■ **WORK ITEM**: The entries below contain a stretch that opens with the line containing "#26=DIRECTION('',(0.,0.,-1.));" and closes with the line containing "#33=EDGE_LOOP('',(#32));"; set down that stretch exactly, both ends included, and nothing else.
***
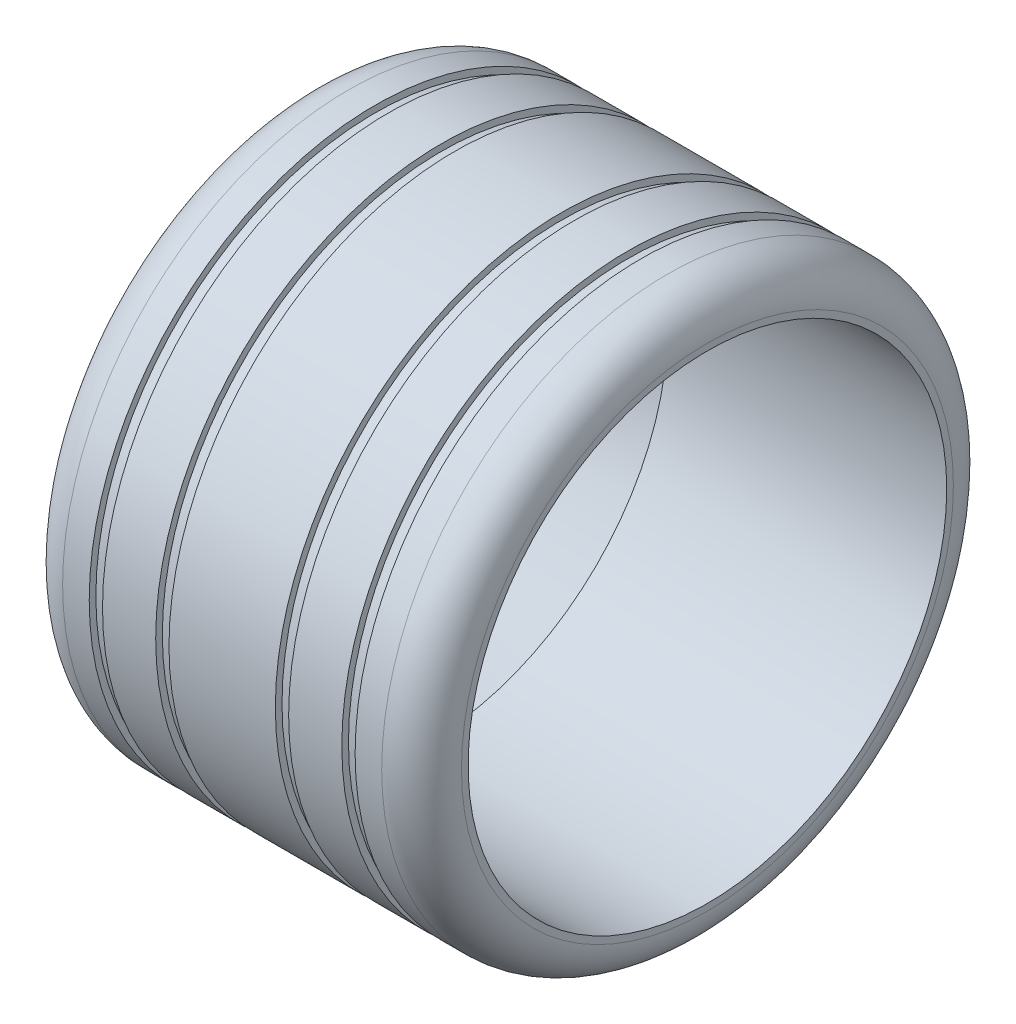
ISO-10303-21;
HEADER;
FILE_DESCRIPTION(('STEP AP214'),'2;1');
FILE_NAME('part.step','',(''),(''),'','','');
FILE_SCHEMA(('AUTOMOTIVE_DESIGN { 1 0 10303 214 1 1 1 1 }'));
ENDSEC;
DATA;
#1=APPLICATION_CONTEXT('core data for automotive mechanical design processes');
#2=APPLICATION_PROTOCOL_DEFINITION('international standard','automotive_design',2000,#1);
#3=PRODUCT_CONTEXT('',#1,'mechanical');
#4=PRODUCT('Part','Part','',(#3));
#5=PRODUCT_RELATED_PRODUCT_CATEGORY('part','',(#4));
#6=PRODUCT_DEFINITION_FORMATION('','',#4);
#7=PRODUCT_DEFINITION_CONTEXT('part definition',#1,'design');
#8=PRODUCT_DEFINITION('design','',#6,#7);
#9=PRODUCT_DEFINITION_SHAPE('','',#8);
#10=(LENGTH_UNIT() NAMED_UNIT(*) SI_UNIT(.MILLI.,.METRE.));
#11=(NAMED_UNIT(*) PLANE_ANGLE_UNIT() SI_UNIT($,.RADIAN.));
#12=(NAMED_UNIT(*) SI_UNIT($,.STERADIAN.) SOLID_ANGLE_UNIT());
#13=UNCERTAINTY_MEASURE_WITH_UNIT(LENGTH_MEASURE(1.E-05),#10,'distance_accuracy_value','');
#14=(GEOMETRIC_REPRESENTATION_CONTEXT(3) GLOBAL_UNCERTAINTY_ASSIGNED_CONTEXT((#13)) GLOBAL_UNIT_ASSIGNED_CONTEXT((#10,
#11,#12)) REPRESENTATION_CONTEXT('',''));
#15=CARTESIAN_POINT('',(0.,0.,0.));
#16=DIRECTION('',(0.,0.,1.));
#17=DIRECTION('',(1.,0.,0.));
#18=AXIS2_PLACEMENT_3D('',#15,#16,#17);
#19=CARTESIAN_POINT('',(30.,0.,0.));
#20=DIRECTION('',(-1.,0.,0.));
#21=DIRECTION('',(0.,0.,1.));
#22=AXIS2_PLACEMENT_3D('',#19,#20,#21);
#23=CYLINDRICAL_SURFACE('',#22,21.5);
#24=CARTESIAN_POINT('',(3.,0.,0.));
#25=DIRECTION('',(1.,0.,0.));
#26=DIRECTION('',(0.,0.,-1.));
#27=AXIS2_PLACEMENT_3D('',#24,#25,#26);
#28=CIRCLE('',#27,21.5);
#29=CARTESIAN_POINT('',(3.,0.,-21.5));
#30=VERTEX_POINT('',#29);
#31=EDGE_CURVE('E60',#30,#30,#28,.T.);
#32=ORIENTED_EDGE('',*,*,#31,.T.);
#33=EDGE_LOOP('',(#32));
#34=FACE_BOUND('',#33,.T.);
#35=CARTESIAN_POINT('',(5.,0.,0.));
#36=DIRECTION('',(-1.,0.,0.));
#37=DIRECTION('',(0.,0.,1.));
#38=AXIS2_PLACEMENT_3D('',#35,#36,#37);
#39=CIRCLE('',#38,21.5);
#40=CARTESIAN_POINT('',(5.,0.,21.5));
#41=VERTEX_POINT('',#40);
#42=EDGE_CURVE('E104',#41,#41,#39,.T.);
#43=ORIENTED_EDGE('',*,*,#42,.T.);
#44=EDGE_LOOP('',(#43));
#45=FACE_BOUND('',#44,.T.);
#46=ADVANCED_FACE('F39',(#34,#45),#23,.T.);
#47=CARTESIAN_POINT('',(27.,0.,0.));
#48=DIRECTION('',(1.,0.,0.));
#49=DIRECTION('',(0.,0.,-1.));
#50=AXIS2_PLACEMENT_3D('',#47,#48,#49);
#51=CIRCLE('',#50,21.5);
#52=CARTESIAN_POINT('',(27.,0.,-21.5));
#53=VERTEX_POINT('',#52);
#54=EDGE_CURVE('E63',#53,#53,#51,.F.);
#55=ORIENTED_EDGE('',*,*,#54,.T.);
#56=EDGE_LOOP('',(#55));
#57=FACE_BOUND('',#56,.T.);
#58=CARTESIAN_POINT('',(25.,0.,0.));
#59=DIRECTION('',(-1.,0.,0.));
#60=DIRECTION('',(0.,0.,1.));
#61=AXIS2_PLACEMENT_3D('',#58,#59,#60);
#62=CIRCLE('',#61,21.5);
#63=CARTESIAN_POINT('',(25.,0.,21.5));
#64=VERTEX_POINT('',#63);
#65=EDGE_CURVE('E92',#64,#64,#62,.T.);
#66=ORIENTED_EDGE('',*,*,#65,.F.);
#67=EDGE_LOOP('',(#66));
#68=FACE_BOUND('',#67,.T.);
#69=ADVANCED_FACE('F142',(#57,#68),#23,.T.);
#70=CARTESIAN_POINT('',(30.,0.,0.));
#71=DIRECTION('',(1.,0.,0.));
#72=DIRECTION('',(0.,0.,-1.));
#73=AXIS2_PLACEMENT_3D('',#70,#71,#72);
#74=PLANE('',#73);
#75=CARTESIAN_POINT('',(30.,0.,0.));
#76=DIRECTION('',(1.,0.,0.));
#77=DIRECTION('',(0.,0.,-1.));
#78=AXIS2_PLACEMENT_3D('',#75,#76,#77);
#79=CIRCLE('',#78,18.5);
#80=CARTESIAN_POINT('',(30.,0.,-18.5));
#81=VERTEX_POINT('',#80);
#82=EDGE_CURVE('E51',#81,#81,#79,.T.);
#83=ORIENTED_EDGE('',*,*,#82,.T.);
#84=EDGE_LOOP('',(#83));
#85=FACE_BOUND('',#84,.T.);
#86=CARTESIAN_POINT('',(30.,0.,0.));
#87=DIRECTION('',(1.,0.,0.));
#88=DIRECTION('',(0.,0.,-1.));
#89=AXIS2_PLACEMENT_3D('',#86,#87,#88);
#90=CIRCLE('',#89,18.);
#91=CARTESIAN_POINT('',(30.,0.,-18.));
#92=VERTEX_POINT('',#91);
#93=EDGE_CURVE('E66',#92,#92,#90,.T.);
#94=ORIENTED_EDGE('',*,*,#93,.F.);
#95=EDGE_LOOP('',(#94));
#96=FACE_BOUND('',#95,.T.);
#97=ADVANCED_FACE('F150',(#85,#96),#74,.T.);
#98=CARTESIAN_POINT('',(0.,0.,0.));
#99=DIRECTION('',(1.,0.,0.));
#100=DIRECTION('',(0.,0.,-1.));
#101=AXIS2_PLACEMENT_3D('',#98,#99,#100);
#102=PLANE('',#101);
#103=CARTESIAN_POINT('',(0.,0.,0.));
#104=DIRECTION('',(1.,0.,0.));
#105=DIRECTION('',(0.,0.,-1.));
#106=AXIS2_PLACEMENT_3D('',#103,#104,#105);
#107=CIRCLE('',#106,18.5);
#108=CARTESIAN_POINT('',(0.,0.,-18.5));
#109=VERTEX_POINT('',#108);
#110=EDGE_CURVE('E55',#109,#109,#107,.F.);
#111=ORIENTED_EDGE('',*,*,#110,.T.);
#112=EDGE_LOOP('',(#111));
#113=FACE_BOUND('',#112,.T.);
#114=CARTESIAN_POINT('',(0.,0.,0.));
#115=DIRECTION('',(-1.,0.,0.));
#116=DIRECTION('',(0.,0.,1.));
#117=AXIS2_PLACEMENT_3D('',#114,#115,#116);
#118=CIRCLE('',#117,10.5);
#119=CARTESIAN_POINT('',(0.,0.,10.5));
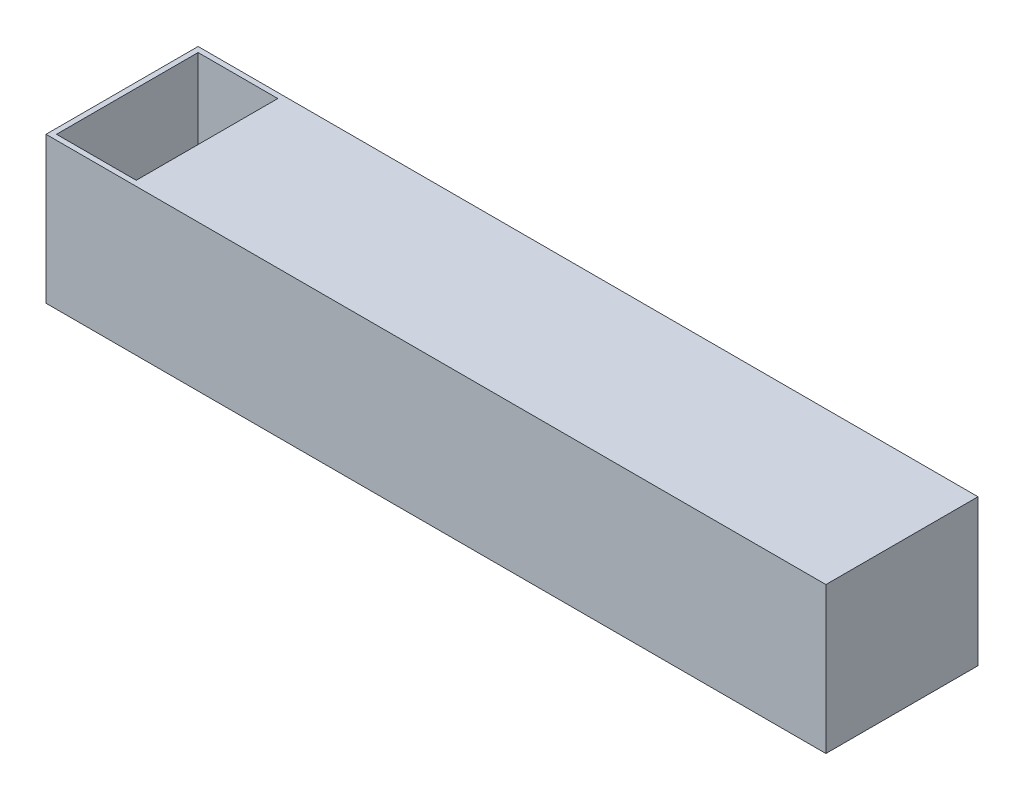
ISO-10303-21;
HEADER;
FILE_DESCRIPTION(('STEP AP214'),'2;1');
FILE_NAME('part.step','',(''),(''),'','','');
FILE_SCHEMA(('AUTOMOTIVE_DESIGN { 1 0 10303 214 1 1 1 1 }'));
ENDSEC;
DATA;
#1=APPLICATION_CONTEXT('core data for automotive mechanical design processes');
#2=APPLICATION_PROTOCOL_DEFINITION('international standard','automotive_design',2000,#1);
#3=PRODUCT_CONTEXT('',#1,'mechanical');
#4=PRODUCT('Part','Part','',(#3));
#5=PRODUCT_RELATED_PRODUCT_CATEGORY('part','',(#4));
#6=PRODUCT_DEFINITION_FORMATION('','',#4);
#7=PRODUCT_DEFINITION_CONTEXT('part definition',#1,'design');
#8=PRODUCT_DEFINITION('design','',#6,#7);
#9=PRODUCT_DEFINITION_SHAPE('','',#8);
#10=(LENGTH_UNIT() NAMED_UNIT(*) SI_UNIT(.MILLI.,.METRE.));
#11=(NAMED_UNIT(*) PLANE_ANGLE_UNIT() SI_UNIT($,.RADIAN.));
#12=(NAMED_UNIT(*) SI_UNIT($,.STERADIAN.) SOLID_ANGLE_UNIT());
#13=UNCERTAINTY_MEASURE_WITH_UNIT(LENGTH_MEASURE(1.E-05),#10,'distance_accuracy_value','');
#14=(GEOMETRIC_REPRESENTATION_CONTEXT(3) GLOBAL_UNCERTAINTY_ASSIGNED_CONTEXT((#13)) GLOBAL_UNIT_ASSIGNED_CONTEXT((#10,
#11,#12)) REPRESENTATION_CONTEXT('',''));
#15=CARTESIAN_POINT('',(0.,0.,0.));
#16=DIRECTION('',(0.,0.,1.));
#17=DIRECTION('',(1.,0.,0.));
#18=AXIS2_PLACEMENT_3D('',#15,#16,#17);
#19=CARTESIAN_POINT('',(10.7495076597565,122.86743477995,135.));
#20=DIRECTION('',(0.0871557427476583,0.996194698091746,0.));
#21=DIRECTION('',(-0.996194698091746,0.0871557427476583,0.));
#22=AXIS2_PLACEMENT_3D('',#19,#20,#21);
#23=PLANE('',#22);
#24=DIRECTION('',(0.996194698091746,-0.0871557427476583,0.));
#25=VECTOR('',#24,1.);
#26=CARTESIAN_POINT('',(10.7495076597565,122.86743477995,0.));
#27=LINE('',#26,#25);
#28=CARTESIAN_POINT('',(-31.5775573912309,126.570573132236,0.));
#29=VERTEX_POINT('',#28);
#30=CARTESIAN_POINT('',(625.910943349321,69.0477829187815,0.));
#31=VERTEX_POINT('',#30);
#32=EDGE_CURVE('E219',#29,#31,#27,.T.);
#33=ORIENTED_EDGE('',*,*,#32,.F.);
#34=DIRECTION('',(0.,0.,-1.));
#35=VECTOR('',#34,1.);
#36=CARTESIAN_POINT('',(-31.5775573912309,126.570573132236,135.));
#37=LINE('',#36,#35);
#38=CARTESIAN_POINT('',(-31.5775573912309,126.570573132236,135.));
#39=VERTEX_POINT('',#38);
#40=EDGE_CURVE('E256',#39,#29,#37,.T.);
#41=ORIENTED_EDGE('',*,*,#40,.F.);
#42=DIRECTION('',(0.996194698091746,-0.0871557427476583,0.));
#43=VECTOR('',#42,1.);
#44=CARTESIAN_POINT('',(10.7495076597565,122.86743477995,135.));
#45=LINE('',#44,#43);
#46=CARTESIAN_POINT('',(625.910943349321,69.0477829187815,135.));
#47=VERTEX_POINT('',#46);
#48=EDGE_CURVE('E225',#39,#47,#45,.T.);
#49=ORIENTED_EDGE('',*,*,#48,.T.);
#50=DIRECTION('',(0.,0.,-1.));
#51=VECTOR('',#50,1.);
#52=CARTESIAN_POINT('',(625.910943349321,69.0477829187815,135.));
#53=LINE('',#52,#51);
#54=EDGE_CURVE('E39',#47,#31,#53,.T.);
#55=ORIENTED_EDGE('',*,*,#54,.T.);
#56=EDGE_LOOP('',(#33,#41,#49,#55));
#57=FACE_BOUND('',#56,.T.);
#58=ADVANCED_FACE('F36',(#57),#23,.T.);
#59=CARTESIAN_POINT('',(-31.5775573912309,0.,135.));
#60=DIRECTION('',(1.,0.,0.));
#61=DIRECTION('',(0.,1.,0.));
#62=AXIS2_PLACEMENT_3D('',#59,#60,#61);
#63=PLANE('',#62);
#64=DIRECTION('',(0.,-1.,0.));
#65=VECTOR('',#64,1.);
#66=CARTESIAN_POINT('',(-31.5775573912309,0.,135.));
#67=LINE('',#66,#65);
#68=CARTESIAN_POINT('',(-31.5775573912309,205.570573132236,135.));
#69=VERTEX_POINT('',#68);
#70=EDGE_CURVE('E61',#69,#39,#67,.T.);
#71=ORIENTED_EDGE('',*,*,#70,.T.);
#72=ORIENTED_EDGE('',*,*,#40,.T.);
#73=DIRECTION('',(0.,-1.,0.));
#74=VECTOR('',#73,1.);
#75=CARTESIAN_POINT('',(-31.5775573912309,0.,0.));
#76=LINE('',#75,#74);
#77=CARTESIAN_POINT('',(-31.5775573912309,205.570573132236,0.));
#78=VERTEX_POINT('',#77);
#79=EDGE_CURVE('E239',#78,#29,#76,.T.);
#80=ORIENTED_EDGE('',*,*,#79,.F.);
#81=DIRECTION('',(0.,0.,1.));
#82=VECTOR('',#81,1.);
#83=CARTESIAN_POINT('',(-31.5775573912309,205.570573132236,0.));
#84=LINE('',#83,#82);
#85=EDGE_CURVE('E177',#78,#69,#84,.T.);
#86=ORIENTED_EDGE('',*,*,#85,.T.);
#87=EDGE_LOOP('',(#71,#72,#80,#86));
#88=FACE_BOUND('',#87,.T.);
#89=ADVANCED_FACE('F279',(#88),#63,.T.);
#90=CARTESIAN_POINT('',(0.,202.570573132236,135.));
#91=DIRECTION('',(0.,1.,0.));
#92=DIRECTION('',(-1.,0.,0.));
#93=AXIS2_PLACEMENT_3D('',#90,#91,#92);
#94=PLANE('',#93);
#95=DIRECTION('',(1.,0.,0.));
#96=VECTOR('',#95,1.);
#97=CARTESIAN_POINT('',(0.,202.570573132236,135.));
#98=LINE('',#97,#96);
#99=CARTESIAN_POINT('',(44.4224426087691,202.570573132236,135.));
***
■ **SOLVED EXERCISE**:
#26=DIRECTION('',(0.,0.,-1.));
#27=AXIS2_PLACEMENT_3D('',#24,#25,#26);
#28=CIRCLE('',#27,21.5);
#29=CARTESIAN_POINT('',(3.,0.,-21.5));
#30=VERTEX_POINT('',#29);
#31=EDGE_CURVE('E60',#30,#30,#28,.T.);
#32=ORIENTED_EDGE('',*,*,#31,.T.);
#33=EDGE_LOOP('',(#32));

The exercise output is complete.